I prepared the banner you see above for SCOTUSblog because the Court was to hear arguments today in two voting related cases, Harris v. Arizona Independent Redistricting Commission and Evenwel v. Abbott. But I didn’t expect the trifecta that came with Justice Scalia’s opinion in a Maryland voting redistricting case, Shapiro v. McManus, especially since it was argued just last month. My lucky day.
Anyway, here are the sketches from today’s two argument:
Umbrellas on the Supreme Court plaza yesterday morning, while inside I sketched two arguments.
The first argument, Tyson Foods v Bouaphakeo, concerned Iowa slaughterhouse workers and whether they could meet the test for a class-action lawsuit. Lyle Denniston reports on it here.
In the second argument, Luis v. U.S., Sila Luis, who bilked Medicare for tens of millions of dollars and had her assets frozen, wants to be allowed to use the “untainted” portion of her frozen assets to pay for her Sixth Amendment guaranteed lawyer of her choice. SCOTUSblog’s Amy Howe has the story here.
A dazzling fall morning on the Supreme Court plaza as spectators line up for oral arguments.
One of those arguments, Shapiro v. McManus, was about whether a lawsuit challenging Maryland redistricting should be decided by a three-judge panel. It’s a bit technical and I won’t attempt to explain. The New York Time’s Adam Liptak reports on the argument here.
Be sure to read to the end of Liptak’s article for the exchange between Maryland Assistant Attorney General Steven Sullivan and Justice Scalia on the topic of “little green men and extraterrestrials”.
“. . . under the laws of any State relating to aggravated sexual abuse, sexual abuse, or abusive sexual conduct involving a minor or ward . . . “
Today’s argument in Lockhart v. United States turned on what Congress meant in a statute so poorly drafted Justice Alito gives it a “D”.

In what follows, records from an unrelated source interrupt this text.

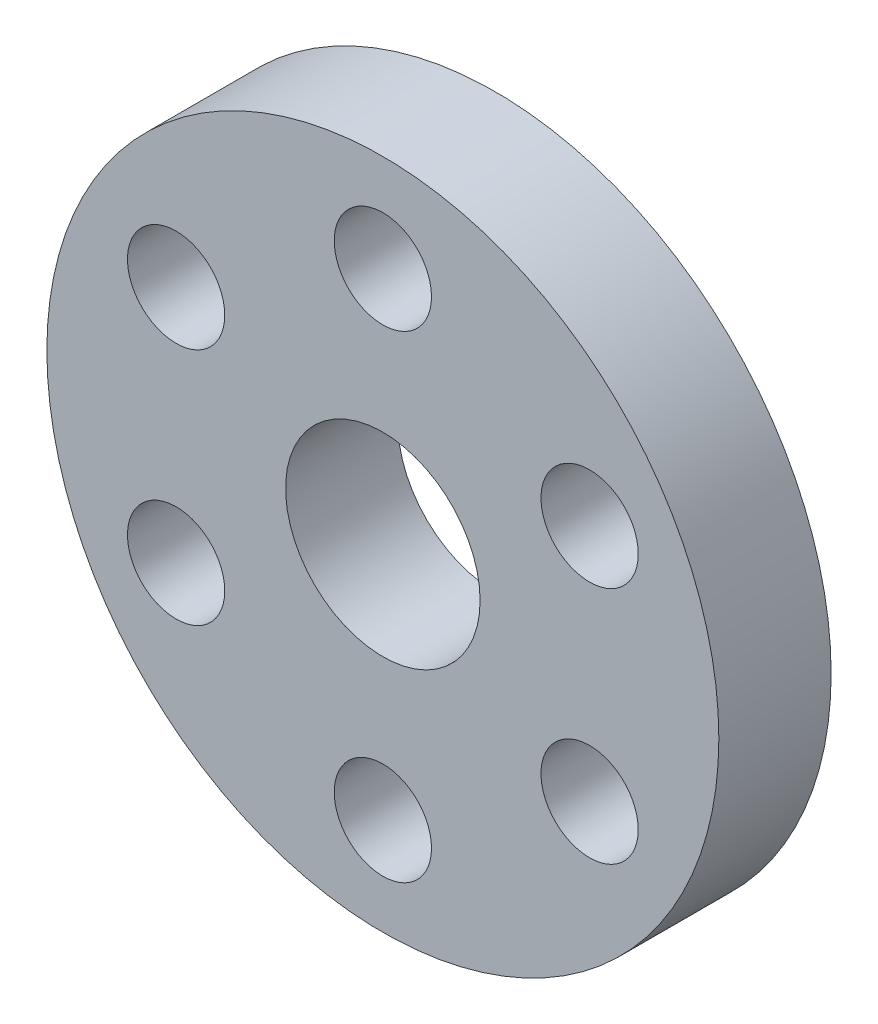
from build123d import *

# Parameters (mm, degrees)
SKETCH1_R         = 19
SKETCH1_R_2       = 5.5
EXTRUDE_1_4_DEPTH = 6.35
SKETCH2_R         = 2.75
M5_THROUGH_DEPTH  = 6.35


with BuildPart() as part:
    # Sketch1 → 1/4 (new body)
    with BuildSketch(Plane.XY):
        Circle(SKETCH1_R)
        Circle(SKETCH1_R_2, mode=Mode.SUBTRACT)
    extrude(amount=EXTRUDE_1_4_DEPTH)

    # Sketch2 → M5_through (cut)
    with BuildSketch(Plane.XY):
        with Locations((0, 13.5)):
            Circle(SKETCH2_R)
        with Locations((11.691342951, 6.75)):
            Circle(SKETCH2_R)
        with Locations((11.691342951, -6.75)):
            Circle(SKETCH2_R)
        with Locations((0, -13.5)):
            Circle(SKETCH2_R)
        with Locations((-11.691342951, -6.75)):
            Circle(SKETCH2_R)
        with Locations((-11.691342951, 6.75)):
            Circle(SKETCH2_R)
    extrude(amount=M5_THROUGH_DEPTH, mode=Mode.SUBTRACT)


solid = part.part
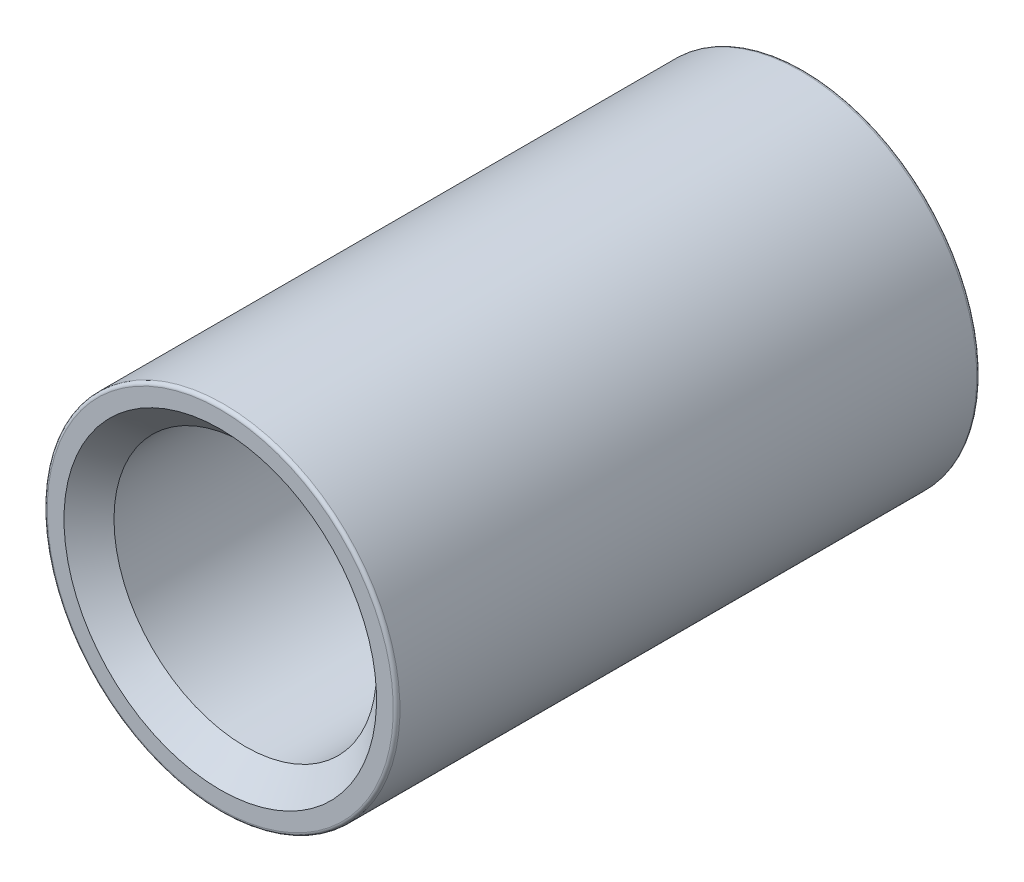
from build123d import *


with BuildPart() as part:
    # Sketch2 → Revolve1 (revolve)
    with BuildSketch(Plane(origin=(0, 0, 0), x_dir=(0, 0, -1), z_dir=(1, 0, 0))):
        with BuildLine():
            Line((-32.295, 9.374), (-32.295, 10.3791))
            ThreePointArc((-32.295, 10.3791), (-32.236421356, 10.520521356), (-32.095, 10.5791))
            Line((-32.095, 10.5791), (2.505, 10.5791))
            ThreePointArc((2.505, 10.5791), (2.646421356, 10.520521356), (2.705, 10.3791))
            Line((2.705, 10.3791), (2.705, 0))
            Line((2.705, 0), (0, 0))
            Line((0, 0), (0, 7.874))
            Line((0, 7.874), (-30.795, 7.874))
            Line((-30.795, 7.874), (-32.295, 9.374))
        make_face()
    revolve(axis=Axis((0, 0, -2.705), (0, 0, 1)))


solid = part.part
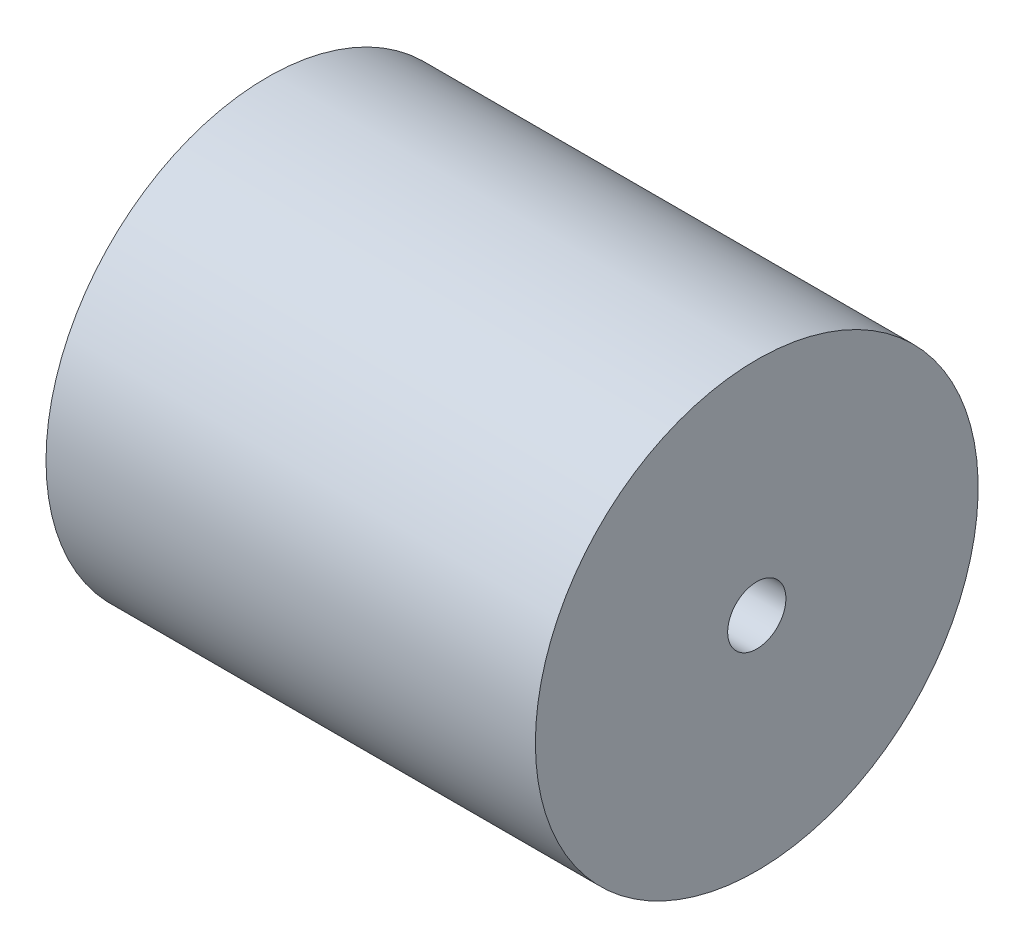
from build123d import *

# Parameters (mm, degrees)
SKETCH1_R           = 9.5
SKETCH1_R_2         = 1.25
BOSS_EXTRUDE1_DEPTH = 21


with BuildPart() as part:
    # Sketch1 → Boss-Extrude1 (new body)
    with BuildSketch(Plane(origin=(0, 0, 0), x_dir=(0, 0, -1), z_dir=(1, 0, 0))):
        with Locations(Location((0, 0, 0), (0, 0, 180))):
            Circle(SKETCH1_R)
        with Locations(Location((0, 0, 0), (0, 0, 180))):
            Circle(SKETCH1_R_2, mode=Mode.SUBTRACT)
    extrude(amount=BOSS_EXTRUDE1_DEPTH)


solid = part.part

The petitioner in this case, Avondale Lockhart, was caught in a child pornography sting and pleaded guilty. At sentencing he faced a mandatory minimum ten-year enhancement because of a previous state conviction for attempted rape of his girlfriend. Lockhart argues that the sentencing enhancement only applies if the prior conviction was for an offense “. . . involving a minor or ward”, and that in the language quoted above “aggravated sexual abuse” and “sexual abuse” are qualified in the same as “abusive sexual conduct”.
The lower courts, of course, found otherwise.
It sounded like a lively and perplexing argument, and I hear form some of the reporters present that Lockhart may win to some degree.
As arguments were about to begin today Chief Justice Roberts reminded lawyers of Chief Justice Rehnquist’s admonition to not look up at the courtroom clock. The reason, not the same as Rehnquist’s, was that the two clocks in the courtroom were showing different times, neither of which was correct, and the minutes hands were moving in stops and starts. It seems that, just like last year, setting the Court’s clocks back an hour at the end of Daylight Saving is no easy matter.
The Court heard two interesting arguments, neither of which I’ll comment on since I’m about as good at explaining as the Court is at setting a clock.